◆ PROVIDED INFORMATION:
------------------------------------------------
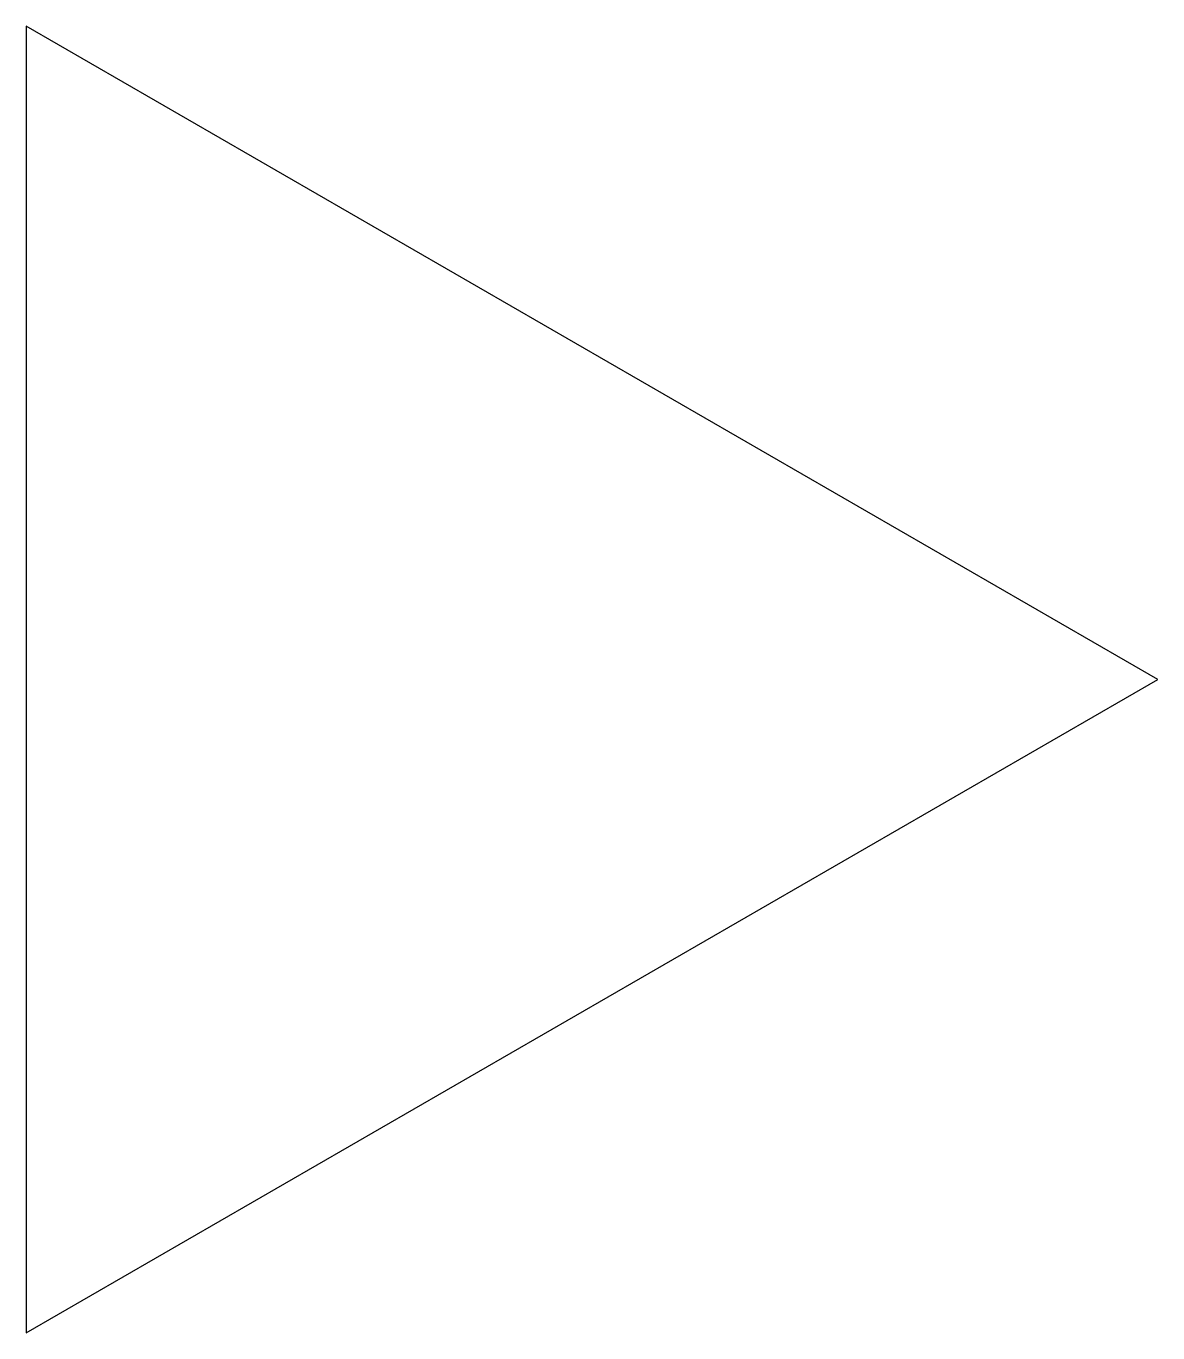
# Model space of a CAD drawing. Extents: x 728.68 to 731.28, y 243.96 to 246.96.
import ezdxf

# ---------------------------------------------------------------- set-up
doc = ezdxf.new("R2010")
doc.units = 0
doc.header["$LTSCALE"] = 5
doc.header["$MEASUREMENT"] = 0
doc.layers.add('11', color=1, linetype='CONTINUOUS')

msp = doc.modelspace()

# ---------------------------------------------------------------- linework, layer by layer
at = {"layer": '11'}
for p, q in [((728.6793, 246.9629), (728.6793, 243.9629)), ((731.2774, 245.4629), (728.6793, 246.9629)), ((728.6793, 243.9629), (731.2774, 245.4629))]:
    msp.add_line(p, q, dxfattribs=at)

doc.saveas('drawing.dxf')
------------------------------------------------
◆ TASK INSTRUCTIONS:
Output only the lines from the one with "msp.add_line(p, q, dxfattribs=at)" through the last line of the entries above; please keep them exact.

◆ TASK ANSWER:
    msp.add_line(p, q, dxfattribs=at)

doc.saveas('drawing.dxf')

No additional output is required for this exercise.